Material to process:
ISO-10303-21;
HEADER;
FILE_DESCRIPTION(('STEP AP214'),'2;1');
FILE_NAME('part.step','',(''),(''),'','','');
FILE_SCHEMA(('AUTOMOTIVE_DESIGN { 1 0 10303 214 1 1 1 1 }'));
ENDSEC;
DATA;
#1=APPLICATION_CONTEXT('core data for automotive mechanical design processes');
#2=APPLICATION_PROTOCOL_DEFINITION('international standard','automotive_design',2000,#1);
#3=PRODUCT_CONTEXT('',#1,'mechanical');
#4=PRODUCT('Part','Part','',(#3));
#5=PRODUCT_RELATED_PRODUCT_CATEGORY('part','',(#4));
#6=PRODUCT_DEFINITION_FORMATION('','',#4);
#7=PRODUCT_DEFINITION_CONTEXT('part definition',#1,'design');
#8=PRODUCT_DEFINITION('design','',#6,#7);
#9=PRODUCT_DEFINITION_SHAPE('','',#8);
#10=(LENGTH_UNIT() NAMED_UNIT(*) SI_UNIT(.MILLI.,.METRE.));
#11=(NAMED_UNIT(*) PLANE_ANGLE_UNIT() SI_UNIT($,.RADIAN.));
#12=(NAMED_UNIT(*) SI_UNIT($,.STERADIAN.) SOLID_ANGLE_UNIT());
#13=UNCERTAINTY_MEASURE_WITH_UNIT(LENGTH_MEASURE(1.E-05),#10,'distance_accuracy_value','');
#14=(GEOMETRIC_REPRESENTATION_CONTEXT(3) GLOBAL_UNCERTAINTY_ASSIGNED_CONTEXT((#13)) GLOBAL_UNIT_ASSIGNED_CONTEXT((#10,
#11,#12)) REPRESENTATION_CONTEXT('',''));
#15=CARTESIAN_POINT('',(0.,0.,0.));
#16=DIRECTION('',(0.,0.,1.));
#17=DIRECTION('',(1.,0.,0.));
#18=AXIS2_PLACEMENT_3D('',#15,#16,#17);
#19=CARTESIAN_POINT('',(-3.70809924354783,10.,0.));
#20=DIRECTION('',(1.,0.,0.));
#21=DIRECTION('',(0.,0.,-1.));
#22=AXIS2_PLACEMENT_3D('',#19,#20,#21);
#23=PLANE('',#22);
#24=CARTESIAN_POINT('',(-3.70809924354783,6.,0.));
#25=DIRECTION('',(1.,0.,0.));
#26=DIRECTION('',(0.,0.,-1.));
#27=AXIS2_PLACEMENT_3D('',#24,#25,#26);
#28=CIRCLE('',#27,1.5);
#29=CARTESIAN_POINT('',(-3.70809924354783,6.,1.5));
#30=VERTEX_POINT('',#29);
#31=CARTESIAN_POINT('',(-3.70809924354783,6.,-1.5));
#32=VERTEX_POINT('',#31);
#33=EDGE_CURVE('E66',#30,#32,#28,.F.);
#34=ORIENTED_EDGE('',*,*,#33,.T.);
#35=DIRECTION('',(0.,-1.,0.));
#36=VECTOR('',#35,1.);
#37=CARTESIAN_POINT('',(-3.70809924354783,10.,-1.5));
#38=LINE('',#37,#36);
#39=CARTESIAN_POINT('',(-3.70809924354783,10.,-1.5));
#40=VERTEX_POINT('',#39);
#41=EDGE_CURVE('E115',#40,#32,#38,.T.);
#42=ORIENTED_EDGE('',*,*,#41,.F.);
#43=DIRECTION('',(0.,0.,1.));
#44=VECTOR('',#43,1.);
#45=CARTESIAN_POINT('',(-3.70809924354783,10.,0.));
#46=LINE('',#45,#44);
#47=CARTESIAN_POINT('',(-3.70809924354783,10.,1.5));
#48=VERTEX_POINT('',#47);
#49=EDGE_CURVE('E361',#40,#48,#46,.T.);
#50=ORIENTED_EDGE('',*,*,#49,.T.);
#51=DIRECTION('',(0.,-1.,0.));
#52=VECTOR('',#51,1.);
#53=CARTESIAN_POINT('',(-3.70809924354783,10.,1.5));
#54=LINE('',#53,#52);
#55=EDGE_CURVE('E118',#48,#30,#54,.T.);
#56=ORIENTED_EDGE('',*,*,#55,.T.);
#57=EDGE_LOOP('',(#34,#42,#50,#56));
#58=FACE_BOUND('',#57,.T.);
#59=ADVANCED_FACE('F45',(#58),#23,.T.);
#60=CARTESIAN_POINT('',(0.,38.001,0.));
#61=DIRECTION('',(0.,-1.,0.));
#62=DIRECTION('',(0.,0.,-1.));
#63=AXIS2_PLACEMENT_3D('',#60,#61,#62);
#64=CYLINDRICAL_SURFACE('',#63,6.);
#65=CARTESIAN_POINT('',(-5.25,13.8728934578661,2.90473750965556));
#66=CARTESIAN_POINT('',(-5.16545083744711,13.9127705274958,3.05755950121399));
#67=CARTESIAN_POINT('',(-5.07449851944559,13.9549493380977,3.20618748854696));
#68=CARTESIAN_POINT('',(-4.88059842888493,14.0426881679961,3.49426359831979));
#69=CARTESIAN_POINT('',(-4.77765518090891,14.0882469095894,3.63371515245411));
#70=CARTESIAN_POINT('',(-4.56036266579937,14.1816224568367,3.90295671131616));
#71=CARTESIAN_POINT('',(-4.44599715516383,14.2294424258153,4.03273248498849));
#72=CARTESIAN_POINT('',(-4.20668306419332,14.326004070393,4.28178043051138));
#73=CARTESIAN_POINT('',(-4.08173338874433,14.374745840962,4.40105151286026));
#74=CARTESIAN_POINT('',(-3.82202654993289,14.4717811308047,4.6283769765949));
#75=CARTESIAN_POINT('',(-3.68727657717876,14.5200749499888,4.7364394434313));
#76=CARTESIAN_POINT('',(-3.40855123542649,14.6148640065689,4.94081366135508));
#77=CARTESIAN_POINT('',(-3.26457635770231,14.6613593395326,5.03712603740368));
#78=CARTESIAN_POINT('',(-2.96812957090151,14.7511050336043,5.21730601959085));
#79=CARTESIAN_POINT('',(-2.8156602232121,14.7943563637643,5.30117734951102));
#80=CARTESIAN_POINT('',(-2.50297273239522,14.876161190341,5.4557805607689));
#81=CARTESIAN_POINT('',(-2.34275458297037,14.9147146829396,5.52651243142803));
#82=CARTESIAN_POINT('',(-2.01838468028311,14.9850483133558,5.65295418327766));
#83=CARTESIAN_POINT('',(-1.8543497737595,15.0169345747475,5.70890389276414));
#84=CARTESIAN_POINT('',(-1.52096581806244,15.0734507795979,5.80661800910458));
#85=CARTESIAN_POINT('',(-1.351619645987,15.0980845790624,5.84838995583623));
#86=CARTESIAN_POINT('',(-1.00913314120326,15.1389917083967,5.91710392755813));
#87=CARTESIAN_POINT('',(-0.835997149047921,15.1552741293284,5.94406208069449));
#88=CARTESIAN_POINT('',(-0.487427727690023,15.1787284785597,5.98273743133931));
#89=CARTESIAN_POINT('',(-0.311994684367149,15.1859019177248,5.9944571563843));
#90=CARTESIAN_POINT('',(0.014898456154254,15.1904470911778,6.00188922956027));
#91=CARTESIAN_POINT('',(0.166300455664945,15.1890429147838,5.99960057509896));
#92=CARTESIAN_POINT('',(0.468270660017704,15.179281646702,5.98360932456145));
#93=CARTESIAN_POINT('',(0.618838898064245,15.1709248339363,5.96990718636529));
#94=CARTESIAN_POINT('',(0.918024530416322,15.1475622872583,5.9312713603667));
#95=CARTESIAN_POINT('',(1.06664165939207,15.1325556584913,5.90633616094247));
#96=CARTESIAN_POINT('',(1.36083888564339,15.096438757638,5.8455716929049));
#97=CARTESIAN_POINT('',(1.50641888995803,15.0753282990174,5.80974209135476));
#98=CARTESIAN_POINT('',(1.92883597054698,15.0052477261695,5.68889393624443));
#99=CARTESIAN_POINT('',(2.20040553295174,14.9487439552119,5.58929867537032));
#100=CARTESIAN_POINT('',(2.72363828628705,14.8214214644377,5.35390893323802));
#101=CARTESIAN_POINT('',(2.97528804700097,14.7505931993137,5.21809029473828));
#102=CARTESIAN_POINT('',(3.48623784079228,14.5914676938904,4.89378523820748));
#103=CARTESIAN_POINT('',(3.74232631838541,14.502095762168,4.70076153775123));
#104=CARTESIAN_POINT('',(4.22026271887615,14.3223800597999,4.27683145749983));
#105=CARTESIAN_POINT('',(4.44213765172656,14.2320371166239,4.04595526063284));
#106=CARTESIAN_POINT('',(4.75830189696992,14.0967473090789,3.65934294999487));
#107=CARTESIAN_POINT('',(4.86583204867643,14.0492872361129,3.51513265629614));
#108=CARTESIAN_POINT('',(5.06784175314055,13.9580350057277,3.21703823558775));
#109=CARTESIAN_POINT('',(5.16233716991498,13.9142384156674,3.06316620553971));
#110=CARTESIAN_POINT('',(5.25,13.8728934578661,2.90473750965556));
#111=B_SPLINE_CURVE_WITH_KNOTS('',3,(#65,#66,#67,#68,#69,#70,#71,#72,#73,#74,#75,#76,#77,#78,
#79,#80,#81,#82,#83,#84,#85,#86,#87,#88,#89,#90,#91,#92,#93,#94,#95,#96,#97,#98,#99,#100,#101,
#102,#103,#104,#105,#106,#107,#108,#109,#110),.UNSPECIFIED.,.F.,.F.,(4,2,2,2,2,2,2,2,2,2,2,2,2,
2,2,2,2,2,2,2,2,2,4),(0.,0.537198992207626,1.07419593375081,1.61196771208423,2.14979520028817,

What is required: Count the lines of the material holding "VECTOR". Report the number alone.

Solution to this exercise: 3